On fighting AI bots
Manu Moreale writes about fighting AI bots:
I guess there are only two options left:
- Accept the fact that some dickheads will do whatever they want because that’s just the world we live in
- Make everything private and only allow actual human beings access to our content
And Molly White responds:
One advantage to working on freely-licensed projects for over a decade is that I was forced to grapple with this decision far before mass scraping for AI training.
In my personal view, option 1 is almost strictly better. Option 2 is never as simple as “only allow actual human beings access” because determining who’s a human is hard.
Molly’s perspective really resonates with me. I like the comparison to open source software, where a freely licensed project could always be used by companies in for-profit products. However, what’s missing from the open web is some standards around licensing with regard to AI models. Just because something is free to read, doesn’t mean it’s free to use in any way, including ingestion into an LLM.
I’m wondering, what if there was something like the GPL, but for text and images used as training data? This might work something like: it’s ok to use my content to train your model, as long as the model you produce is freely shared back with the public. It’s not ok to train on my content if your model remains private.
Of course, there are content producers who would not be ok with their data included in any sort of AI training, and that’s totally fine. It’s their work, they can decide how to license it. What’s missing is a standard way for them to declare this (and for LLM builders to respect that).

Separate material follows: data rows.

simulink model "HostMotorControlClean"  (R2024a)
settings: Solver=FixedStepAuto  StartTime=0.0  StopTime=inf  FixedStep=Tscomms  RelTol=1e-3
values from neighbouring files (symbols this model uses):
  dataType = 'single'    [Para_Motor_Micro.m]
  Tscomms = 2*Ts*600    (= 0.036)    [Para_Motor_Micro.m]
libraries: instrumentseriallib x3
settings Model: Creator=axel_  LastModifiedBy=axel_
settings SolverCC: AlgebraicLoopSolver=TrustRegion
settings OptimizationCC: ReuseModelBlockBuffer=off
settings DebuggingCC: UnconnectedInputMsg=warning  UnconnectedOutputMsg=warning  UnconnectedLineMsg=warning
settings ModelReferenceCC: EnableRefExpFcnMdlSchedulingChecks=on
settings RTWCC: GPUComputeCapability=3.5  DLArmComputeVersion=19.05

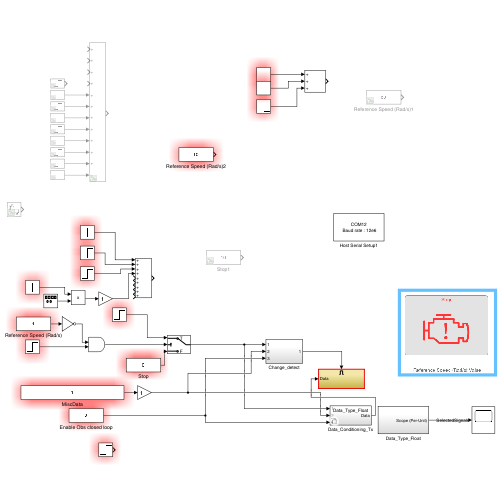
[thumbnail: Simulink's stored preview of the top-level diagram]
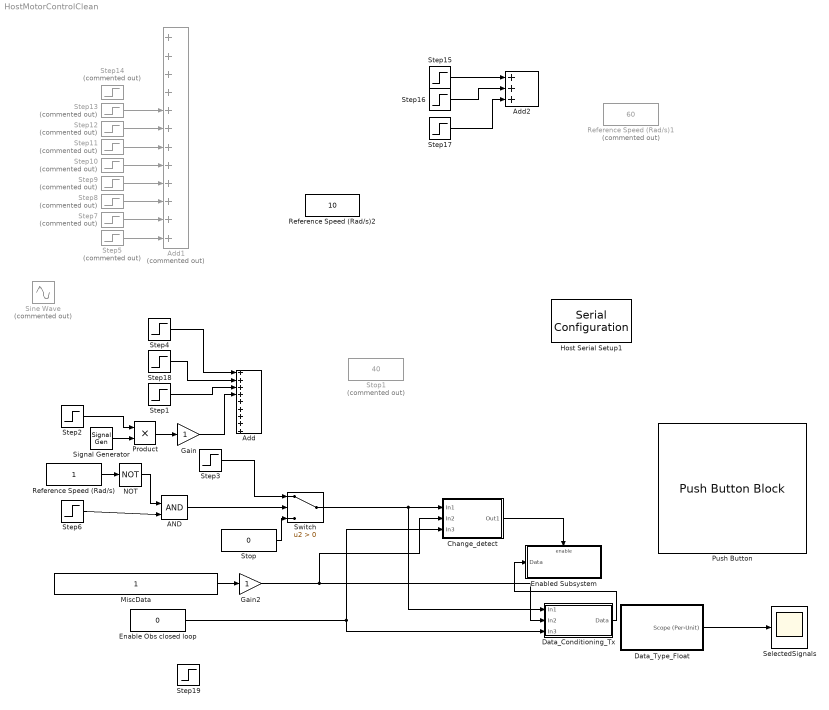
== system HostMotorControlClean ==
  AND : Logic  IconShape=distinctive  AllPortsSameDT=off  OutDataTypeStr=boolean
  Add : Sum  Inputs=+++++++++
  Add1 : Sum  Commented=on  Inputs=++++++++++++
  Add2 : Sum  Inputs=+++
  Change_detect : Subsystem
  Data_Conditioning_Tx : Subsystem  Variant=on
  Data_Type_Float : Subsystem  VariantControl=isequal(dataType, 'single')
  Enable Obs closed loop : Constant  Value=0  VectorParams1D=off  OutDataTypeStr=single  SampleTime=Tscomms
  Enabled Subsystem : Subsystem  TreatAsAtomicUnit=on
  Gain : Gain  OutDataTypeStr=single
  Gain2 : Gain  OutDataTypeStr=single
  Host Serial Setup1 : instrumentseriallib/Serial Configuration  Priority=-99  PortSel=COM12  Port=COM12  ComPort=COM12  BaudRate=12e6  DataBits=8  Parity=none  StopBits=1  ByteOrder=little-endian  FlowControl=none  Timeout=2  SimulateUsing=Interpreted execution  BlockInModel=on  aMode=5
  MiscData : Constant  VectorParams1D=off  OutDataTypeStr=single  SampleTime=Tscomms
  NOT : Logic  Operator=NOT  IconShape=distinctive  AllPortsSameDT=off  OutDataTypeStr=boolean
  Product : Product
  Push Button : PushButtonBlock  LabelPosition=Bottom  ButtonText=Stop  ButtonType=Latch  Icon=EngineFailure  IconAlignment=Bottom  IconColor=On  OffValue=0.000000
  Reference Speed (Rad/s) : Constant  VectorParams1D=off  OutDataTypeStr=single  SampleTime=Tscomms
  Reference Speed (Rad/s)1 : Constant  Commented=on  Value=60  VectorParams1D=off  OutDataTypeStr=single  SampleTime=Tscomms
  Reference Speed (Rad/s)2 : Constant  Value=10  VectorParams1D=off  OutDataTypeStr=single  SampleTime=Tscomms
  SelectedSignals : Scope
  Signal Generator : SignalGenerator  WaveForm=square  Amplitude=2  Frequency=0.5
  Sine Wave : Sin  Commented=on  Frequency=0.1  SampleTime=Tscomms
  Step1 : Step  Time=20  After=2.5  OutDataTypeStr=single  SampleTime=Tscomms
  Step10 : Step  Commented=on  Time=26  After=40  OutDataTypeStr=single  SampleTime=Tscomms
  Step11 : Step  Commented=on  Time=30  After=45  OutDataTypeStr=single  SampleTime=Tscomms
  Step12 : Step  Commented=on  Time=34  After=50  OutDataTypeStr=single  SampleTime=Tscomms
  Step13 : Step  Commented=on  Time=38  After=55  OutDataTypeStr=single  SampleTime=Tscomms
  Step14 : Step  Commented=on  Time=38  After=55  OutDataTypeStr=single  SampleTime=Tscomms
  Step15 : Step  Time=6  After=40  OutDataTypeStr=single  SampleTime=Tscomms
  Step16 : Step  Time=16  After=-30  OutDataTypeStr=single  SampleTime=Tscomms
  Step17 : Step  Time=18  After=-10  OutDataTypeStr=single  SampleTime=Tscomms
  Step18 : Step  Time=15  After=3  OutDataTypeStr=single  SampleTime=Tscomms
  Step19 : Step  Time=15  OutDataTypeStr=single  SampleTime=Tscomms
  Step2 : Step  Time=22  OutDataTypeStr=single  SampleTime=Tscomms
  Step3 : Step  Time=6  After=80  OutDataTypeStr=single  SampleTime=Tscomms
  Step4 : Step  Time=5  After=15  OutDataTypeStr=single  SampleTime=Tscomms
  Step5 : Step  Commented=on  Time=10  After=20  OutDataTypeStr=single  SampleTime=Tscomms
  Step6 : Step  Time=4  OutDataTypeStr=single  SampleTime=Tscomms
  Step7 : Step  Commented=on  Time=14  After=25  OutDataTypeStr=single  SampleTime=Tscomms
  Step8 : Step  Commented=on  Time=18  After=30  OutDataTypeStr=single  SampleTime=Tscomms
  Step9 : Step  Commented=on  Time=22  After=35  OutDataTypeStr=single  SampleTime=Tscomms
  Stop : Constant  Value=0  VectorParams1D=off  OutDataTypeStr=single  SampleTime=Tscomms
  Stop1 : Constant  Commented=on  Value=40  VectorParams1D=off  OutDataTypeStr=single  SampleTime=Tscomms
  Switch : Switch  Criteria=u2 > Threshold  SaturateOnIntegerOverflow=off  InputSameDT=off
  wires:
  Data_Conditioning_Tx/1(Data) -> Enabled Subsystem/1(Data)
  Enable Obs closed loop/1 -> Change_detect/3(In3), Data_Conditioning_Tx/3(In3)
  Change_detect/1(Out1) -> Enabled Subsystem/Enable
  Gain2/1 -> Change_detect/2(In2), Data_Conditioning_Tx/2(In2)
  AND/1 -> Switch/2
  Stop/1 -> Switch/3
  MiscData/1 -> Gain2/1
  NOT/1 -> AND/1
  Reference Speed (Rad/s)/1 -> NOT/1
  Step6/1 -> AND/2
  Step5/1 -> Add1/12
  Step7/1 -> Add1/11
  Step8/1 -> Add1/10
  Step9/1 -> Add1/9
  Step10/1 -> Add1/8
  Step11/1 -> Add1/7
  Step12/1 -> Add1/6
  Step13/1 -> Add1/5
  Data_Type_Float/1(Scope (Per-Unit)) -> SelectedSignals/1
  Step15/1 -> Add2/1
  Step16/1 -> Add2/2
  Step17/1 -> Add2/3
  Switch/1 -> Data_Conditioning_Tx/1(In1), Change_detect/1(In1)
  Step4/1 -> Add/1
  Step18/1 -> Add/2
  Step1/1 -> Add/3
  Signal Generator/1 -> Product/2
  Step2/1 -> Product/1
  Product/1 -> Gain/1
  Gain/1 -> Add/4
  Step3/1 -> Switch/1

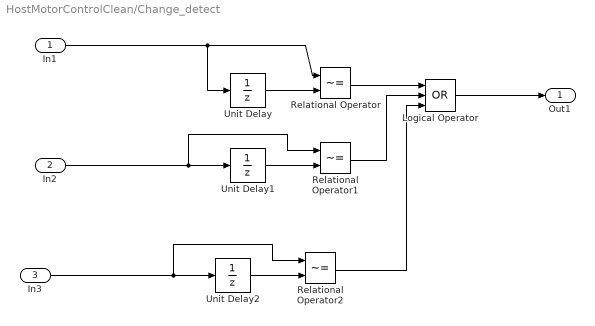
== system HostMotorControlClean/Change_detect ==
  In1 : Inport
  In2 : Inport  Port=2
  In3 : Inport  Port=3
  Logical Operator : Logic  Operator=OR  Inputs=3  AllPortsSameDT=off  OutDataTypeStr=boolean
  Relational Operator : RelationalOperator  Operator=~=  OutDataTypeStr=boolean  InputSameDT=off
  Relational Operator1 : RelationalOperator  Operator=~=  OutDataTypeStr=boolean  InputSameDT=off
  Relational Operator2 : RelationalOperator  Operator=~=  OutDataTypeStr=boolean  InputSameDT=off
  Unit Delay : UnitDelay  InitialCondition=0.5  SampleTime=-1  HasFrameUpgradeWarning=on
  Unit Delay1 : UnitDelay  SampleTime=-1  HasFrameUpgradeWarning=on
  Unit Delay2 : UnitDelay  SampleTime=-1  HasFrameUpgradeWarning=on
  Out1 : Outport  VectorParamsAs1DForOutWhenUnconnected=off
  wires:
  In2/1 -> Relational Operator1/1, Unit Delay1/1
  Relational Operator1/1 -> Logical Operator/2
  Unit Delay1/1 -> Relational Operator1/2
  Unit Delay/1 -> Relational Operator/2
  In1/1 -> Unit Delay/1, Relational Operator/1
  Relational Operator/1 -> Logical Operator/1
  Logical Operator/1 -> Out1/1
  Unit Delay2/1 -> Relational Operator2/2
  Relational Operator2/1 -> Logical Operator/3
  In3/1 -> Relational Operator2/1, Unit Delay2/1

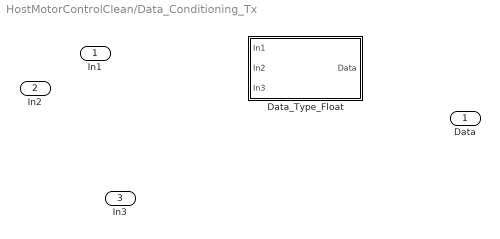
== system HostMotorControlClean/Data_Conditioning_Tx ==
  In1 : Inport
  In2 : Inport  Port=2
  In3 : Inport  Port=3
  Data_Type_Float : Subsystem  VariantControl=isequal(dataType, 'single')
  Data : Outport

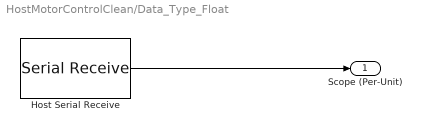
== system HostMotorControlClean/Data_Type_Float ==
  Host Serial Receive : instrumentseriallib/Serial Receive  PortSel=COM12  Port=COM12  ComPort=COM12  DataType=single  SaveDataType=uint8  ToggleHeader=on  Header='SSSS'  ToggleDataSize=on  DataSize=[600 2]  ToggleTerminator=on  Terminator=Custom terminator  CustomTerminator='EEEE'  InputFormat=Row major  EnableBlockingMode=on  ActionDataUnavailable=Output custom value  ActionWhenDataUnavailable=Output custom value  CustomValue=0.2  SampleTime=Tscomms  SimulateUsing=Interpreted execution  BlockInModel=on  aMode=5
      settings: LibrarySourceBlock=mcbhostblockslib/Host Serial Receive
  Scope (Per-Unit) : Outport
  wires:
  Host Serial Receive/1 -> Scope (Per-Unit)/1

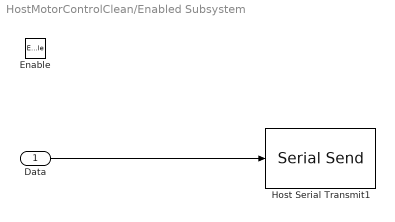
== system HostMotorControlClean/Enabled Subsystem ==
  Data : Inport
  Enable : EnablePort
  Host Serial Transmit1 : instrumentseriallib/Serial Send  PortSel=COM12  Port=COM12  ComPort=COM12  Header=[]  Terminator=<none>  CustomTerminator=[]  EnableBlockingMode=off  SimulateUsing=Interpreted execution  BlockInModel=on  aMode=5
  wires:
  Data/1 -> Host Serial Transmit1/1

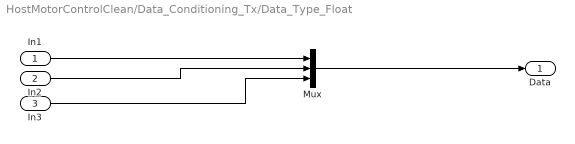
== system HostMotorControlClean/Data_Conditioning_Tx/Data_Type_Float ==
  In1 : Inport
  In2 : Inport  Port=2
  In3 : Inport  Port=3
  Mux : Mux  Inputs=3
  Data : Outport
  wires:
  In1/1 -> Mux/1
  Mux/1 -> Data/1
  In2/1 -> Mux/2
  In3/1 -> Mux/3

The other aspect of Molly’s post that resonated with me is trying to fight bots while letting all the humans view your content. In my last job, I worked for a few years on our “traffic” team, which was responsible for, among other things, some technology to block bots and other crawlers. We ran these systems this for things we found abusive (like DDoS’s or bots that put too much load on our servers), rather than trying to limit access to just humans. But, the fundamental problem is shared: trying to separate legit traffic from stuff that should be blocked. It’s really not easy to do this, especially if you consider some non-human traffic important. (Like Google’s crawler!) So, you’ll most likely want to err on the side of letting things through, if you aren’t absolutely sure it’s something you want to block. Which means that any AI crawler that isn’t playing nicely (respecting robots.txt, providing a clear user-agent, etc.) will probably slip through your defenses anyway.